About this task
The reply should return the data in full, exactly as written.

[[ Records for this task, beginning ]]

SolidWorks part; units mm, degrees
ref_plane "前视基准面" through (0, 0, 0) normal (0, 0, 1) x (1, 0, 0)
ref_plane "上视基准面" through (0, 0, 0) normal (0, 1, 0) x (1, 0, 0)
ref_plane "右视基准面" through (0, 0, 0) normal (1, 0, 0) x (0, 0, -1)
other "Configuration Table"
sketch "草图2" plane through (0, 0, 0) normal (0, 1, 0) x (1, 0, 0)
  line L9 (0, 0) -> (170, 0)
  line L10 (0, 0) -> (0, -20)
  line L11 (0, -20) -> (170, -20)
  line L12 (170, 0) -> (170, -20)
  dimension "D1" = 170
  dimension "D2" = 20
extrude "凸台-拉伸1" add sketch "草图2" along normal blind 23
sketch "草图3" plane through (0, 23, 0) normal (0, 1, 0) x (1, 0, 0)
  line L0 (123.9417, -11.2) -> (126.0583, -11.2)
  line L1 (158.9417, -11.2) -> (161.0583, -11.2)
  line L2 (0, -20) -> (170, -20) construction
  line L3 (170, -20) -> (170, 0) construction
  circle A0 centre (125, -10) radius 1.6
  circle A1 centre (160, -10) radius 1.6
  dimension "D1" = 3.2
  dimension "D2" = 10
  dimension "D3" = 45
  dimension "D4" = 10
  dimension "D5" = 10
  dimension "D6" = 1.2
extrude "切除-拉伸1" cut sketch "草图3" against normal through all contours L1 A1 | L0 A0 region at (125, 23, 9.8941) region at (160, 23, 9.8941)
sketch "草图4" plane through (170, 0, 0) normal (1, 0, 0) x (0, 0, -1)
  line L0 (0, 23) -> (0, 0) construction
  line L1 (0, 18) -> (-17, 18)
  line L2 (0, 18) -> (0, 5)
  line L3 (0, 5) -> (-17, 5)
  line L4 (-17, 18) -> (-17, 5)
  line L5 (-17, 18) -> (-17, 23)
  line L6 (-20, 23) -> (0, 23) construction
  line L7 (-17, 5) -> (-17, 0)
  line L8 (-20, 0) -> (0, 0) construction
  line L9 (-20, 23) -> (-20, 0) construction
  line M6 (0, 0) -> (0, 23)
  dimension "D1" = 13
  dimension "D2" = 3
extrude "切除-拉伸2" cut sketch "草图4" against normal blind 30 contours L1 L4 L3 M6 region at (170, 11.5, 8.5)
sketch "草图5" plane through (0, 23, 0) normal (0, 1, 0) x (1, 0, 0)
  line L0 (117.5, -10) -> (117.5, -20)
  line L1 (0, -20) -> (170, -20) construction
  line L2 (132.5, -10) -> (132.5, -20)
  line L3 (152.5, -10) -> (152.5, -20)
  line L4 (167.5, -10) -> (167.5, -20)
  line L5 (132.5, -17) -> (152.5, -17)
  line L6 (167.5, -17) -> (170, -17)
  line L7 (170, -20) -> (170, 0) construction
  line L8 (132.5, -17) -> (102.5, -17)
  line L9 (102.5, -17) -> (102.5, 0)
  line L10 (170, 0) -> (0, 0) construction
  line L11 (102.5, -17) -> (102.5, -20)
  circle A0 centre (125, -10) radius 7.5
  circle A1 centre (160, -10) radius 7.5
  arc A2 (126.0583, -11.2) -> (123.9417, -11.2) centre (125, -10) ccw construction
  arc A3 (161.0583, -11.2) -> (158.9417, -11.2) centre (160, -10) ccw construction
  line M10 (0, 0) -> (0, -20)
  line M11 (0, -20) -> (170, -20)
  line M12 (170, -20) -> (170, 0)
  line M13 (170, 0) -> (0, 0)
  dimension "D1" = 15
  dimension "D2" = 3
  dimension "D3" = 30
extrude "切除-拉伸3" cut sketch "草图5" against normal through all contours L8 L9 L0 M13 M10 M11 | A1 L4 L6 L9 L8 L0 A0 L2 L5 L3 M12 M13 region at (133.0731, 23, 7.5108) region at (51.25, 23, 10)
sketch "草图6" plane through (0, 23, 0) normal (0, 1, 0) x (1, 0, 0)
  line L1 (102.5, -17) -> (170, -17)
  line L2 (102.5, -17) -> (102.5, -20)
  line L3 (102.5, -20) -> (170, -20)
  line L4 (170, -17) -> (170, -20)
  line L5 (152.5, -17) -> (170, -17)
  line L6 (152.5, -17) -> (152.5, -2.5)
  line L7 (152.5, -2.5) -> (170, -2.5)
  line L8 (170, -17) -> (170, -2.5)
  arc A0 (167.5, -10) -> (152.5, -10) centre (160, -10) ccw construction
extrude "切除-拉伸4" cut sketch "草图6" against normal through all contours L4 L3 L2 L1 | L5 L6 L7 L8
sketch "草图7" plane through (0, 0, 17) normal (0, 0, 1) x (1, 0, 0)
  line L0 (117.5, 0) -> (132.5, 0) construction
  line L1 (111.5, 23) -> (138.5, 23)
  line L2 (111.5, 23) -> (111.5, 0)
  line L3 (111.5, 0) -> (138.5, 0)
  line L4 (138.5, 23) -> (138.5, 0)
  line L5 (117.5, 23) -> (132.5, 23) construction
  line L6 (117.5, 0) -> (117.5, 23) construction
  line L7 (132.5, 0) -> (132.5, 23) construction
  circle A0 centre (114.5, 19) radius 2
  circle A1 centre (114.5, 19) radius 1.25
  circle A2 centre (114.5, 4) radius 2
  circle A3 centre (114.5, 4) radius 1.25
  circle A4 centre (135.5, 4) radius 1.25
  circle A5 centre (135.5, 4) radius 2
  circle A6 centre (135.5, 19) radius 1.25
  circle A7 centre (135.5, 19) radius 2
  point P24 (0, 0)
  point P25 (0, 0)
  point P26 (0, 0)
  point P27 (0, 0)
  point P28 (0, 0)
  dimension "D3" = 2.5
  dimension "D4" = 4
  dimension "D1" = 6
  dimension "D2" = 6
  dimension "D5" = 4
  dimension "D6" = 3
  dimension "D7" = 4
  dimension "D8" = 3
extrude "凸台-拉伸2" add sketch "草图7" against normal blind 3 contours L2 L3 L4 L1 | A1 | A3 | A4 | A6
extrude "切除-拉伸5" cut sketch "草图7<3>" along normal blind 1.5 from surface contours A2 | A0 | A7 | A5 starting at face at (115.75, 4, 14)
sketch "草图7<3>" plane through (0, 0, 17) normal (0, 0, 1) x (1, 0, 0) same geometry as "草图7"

[[ Records for this task, end ]]

Result
SolidWorks part; units mm, degrees
ref_plane "前视基准面" through (0, 0, 0) normal (0, 0, 1) x (1, 0, 0)
ref_plane "上视基准面" through (0, 0, 0) normal (0, 1, 0) x (1, 0, 0)
ref_plane "右视基准面" through (0, 0, 0) normal (1, 0, 0) x (0, 0, -1)
other "Configuration Table"
sketch "草图2" plane through (0, 0, 0) normal (0, 1, 0) x (1, 0, 0)
  line L9 (0, 0) -> (170, 0)
  line L10 (0, 0) -> (0, -20)
  line L11 (0, -20) -> (170, -20)
  line L12 (170, 0) -> (170, -20)
  dimension "D1" = 170
  dimension "D2" = 20
extrude "凸台-拉伸1" add sketch "草图2" along normal blind 23
sketch "草图3" plane through (0, 23, 0) normal (0, 1, 0) x (1, 0, 0)
  line L0 (123.9417, -11.2) -> (126.0583, -11.2)
  line L1 (158.9417, -11.2) -> (161.0583, -11.2)
  line L2 (0, -20) -> (170, -20) construction
  line L3 (170, -20) -> (170, 0) construction
  circle A0 centre (125, -10) radius 1.6
  circle A1 centre (160, -10) radius 1.6
  dimension "D1" = 3.2
  dimension "D2" = 10
  dimension "D3" = 45
  dimension "D4" = 10
  dimension "D5" = 10
  dimension "D6" = 1.2
extrude "切除-拉伸1" cut sketch "草图3" against normal through all contours L1 A1 | L0 A0 region at (125, 23, 9.8941) region at (160, 23, 9.8941)
sketch "草图4" plane through (170, 0, 0) normal (1, 0, 0) x (0, 0, -1)
  line L0 (0, 23) -> (0, 0) construction
  line L1 (0, 18) -> (-17, 18)
  line L2 (0, 18) -> (0, 5)
  line L3 (0, 5) -> (-17, 5)
  line L4 (-17, 18) -> (-17, 5)
  line L5 (-17, 18) -> (-17, 23)
  line L6 (-20, 23) -> (0, 23) construction
  line L7 (-17, 5) -> (-17, 0)
  line L8 (-20, 0) -> (0, 0) construction
  line L9 (-20, 23) -> (-20, 0) construction
  line M6 (0, 0) -> (0, 23)
  dimension "D1" = 13
  dimension "D2" = 3
extrude "切除-拉伸2" cut sketch "草图4" against normal blind 30 contours L1 L4 L3 M6 region at (170, 11.5, 8.5)
sketch "草图5" plane through (0, 23, 0) normal (0, 1, 0) x (1, 0, 0)
  line L0 (117.5, -10) -> (117.5, -20)
  line L1 (0, -20) -> (170, -20) construction
  line L2 (132.5, -10) -> (132.5, -20)
  line L3 (152.5, -10) -> (152.5, -20)
  line L4 (167.5, -10) -> (167.5, -20)
  line L5 (132.5, -17) -> (152.5, -17)
  line L6 (167.5, -17) -> (170, -17)
  line L7 (170, -20) -> (170, 0) construction
  line L8 (132.5, -17) -> (102.5, -17)
  line L9 (102.5, -17) -> (102.5, 0)
  line L10 (170, 0) -> (0, 0) construction
  line L11 (102.5, -17) -> (102.5, -20)
  circle A0 centre (125, -10) radius 7.5
  circle A1 centre (160, -10) radius 7.5
  arc A2 (126.0583, -11.2) -> (123.9417, -11.2) centre (125, -10) ccw construction
  arc A3 (161.0583, -11.2) -> (158.9417, -11.2) centre (160, -10) ccw construction
  line M10 (0, 0) -> (0, -20)
  line M11 (0, -20) -> (170, -20)
  line M12 (170, -20) -> (170, 0)
  line M13 (170, 0) -> (0, 0)
  dimension "D1" = 15
  dimension "D2" = 3
  dimension "D3" = 30
extrude "切除-拉伸3" cut sketch "草图5" against normal through all contours L8 L9 L0 M13 M10 M11 | A1 L4 L6 L9 L8 L0 A0 L2 L5 L3 M12 M13 region at (133.0731, 23, 7.5108) region at (51.25, 23, 10)
sketch "草图6" plane through (0, 23, 0) normal (0, 1, 0) x (1, 0, 0)
  line L1 (102.5, -17) -> (170, -17)
  line L2 (102.5, -17) -> (102.5, -20)
  line L3 (102.5, -20) -> (170, -20)
  line L4 (170, -17) -> (170, -20)
  line L5 (152.5, -17) -> (170, -17)
  line L6 (152.5, -17) -> (152.5, -2.5)
  line L7 (152.5, -2.5) -> (170, -2.5)
  line L8 (170, -17) -> (170, -2.5)
  arc A0 (167.5, -10) -> (152.5, -10) centre (160, -10) ccw construction
extrude "切除-拉伸4" cut sketch "草图6" against normal through all contours L4 L3 L2 L1 | L5 L6 L7 L8
sketch "草图7" plane through (0, 0, 17) normal (0, 0, 1) x (1, 0, 0)
  line L0 (117.5, 0) -> (132.5, 0) construction
  line L1 (111.5, 23) -> (138.5, 23)
  line L2 (111.5, 23) -> (111.5, 0)
  line L3 (111.5, 0) -> (138.5, 0)
  line L4 (138.5, 23) -> (138.5, 0)
  line L5 (117.5, 23) -> (132.5, 23) construction
  line L6 (117.5, 0) -> (117.5, 23) construction
  line L7 (132.5, 0) -> (132.5, 23) construction
  circle A0 centre (114.5, 19) radius 2
  circle A1 centre (114.5, 19) radius 1.25
  circle A2 centre (114.5, 4) radius 2
  circle A3 centre (114.5, 4) radius 1.25
  circle A4 centre (135.5, 4) radius 1.25
  circle A5 centre (135.5, 4) radius 2
  circle A6 centre (135.5, 19) radius 1.25
  circle A7 centre (135.5, 19) radius 2
  point P24 (0, 0)
  point P25 (0, 0)
  point P26 (0, 0)
  point P27 (0, 0)
  point P28 (0, 0)
  dimension "D3" = 2.5
  dimension "D4" = 4
  dimension "D1" = 6
  dimension "D2" = 6
  dimension "D5" = 4
  dimension "D6" = 3
  dimension "D7" = 4
  dimension "D8" = 3
extrude "凸台-拉伸2" add sketch "草图7" against normal blind 3 contours L2 L3 L4 L1 | A1 | A3 | A4 | A6
extrude "切除-拉伸5" cut sketch "草图7<3>" along normal blind 1.5 from surface contours A2 | A0 | A7 | A5 starting at face at (115.75, 4, 14)
sketch "草图7<3>" plane through (0, 0, 17) normal (0, 0, 1) x (1, 0, 0) same geometry as "草图7"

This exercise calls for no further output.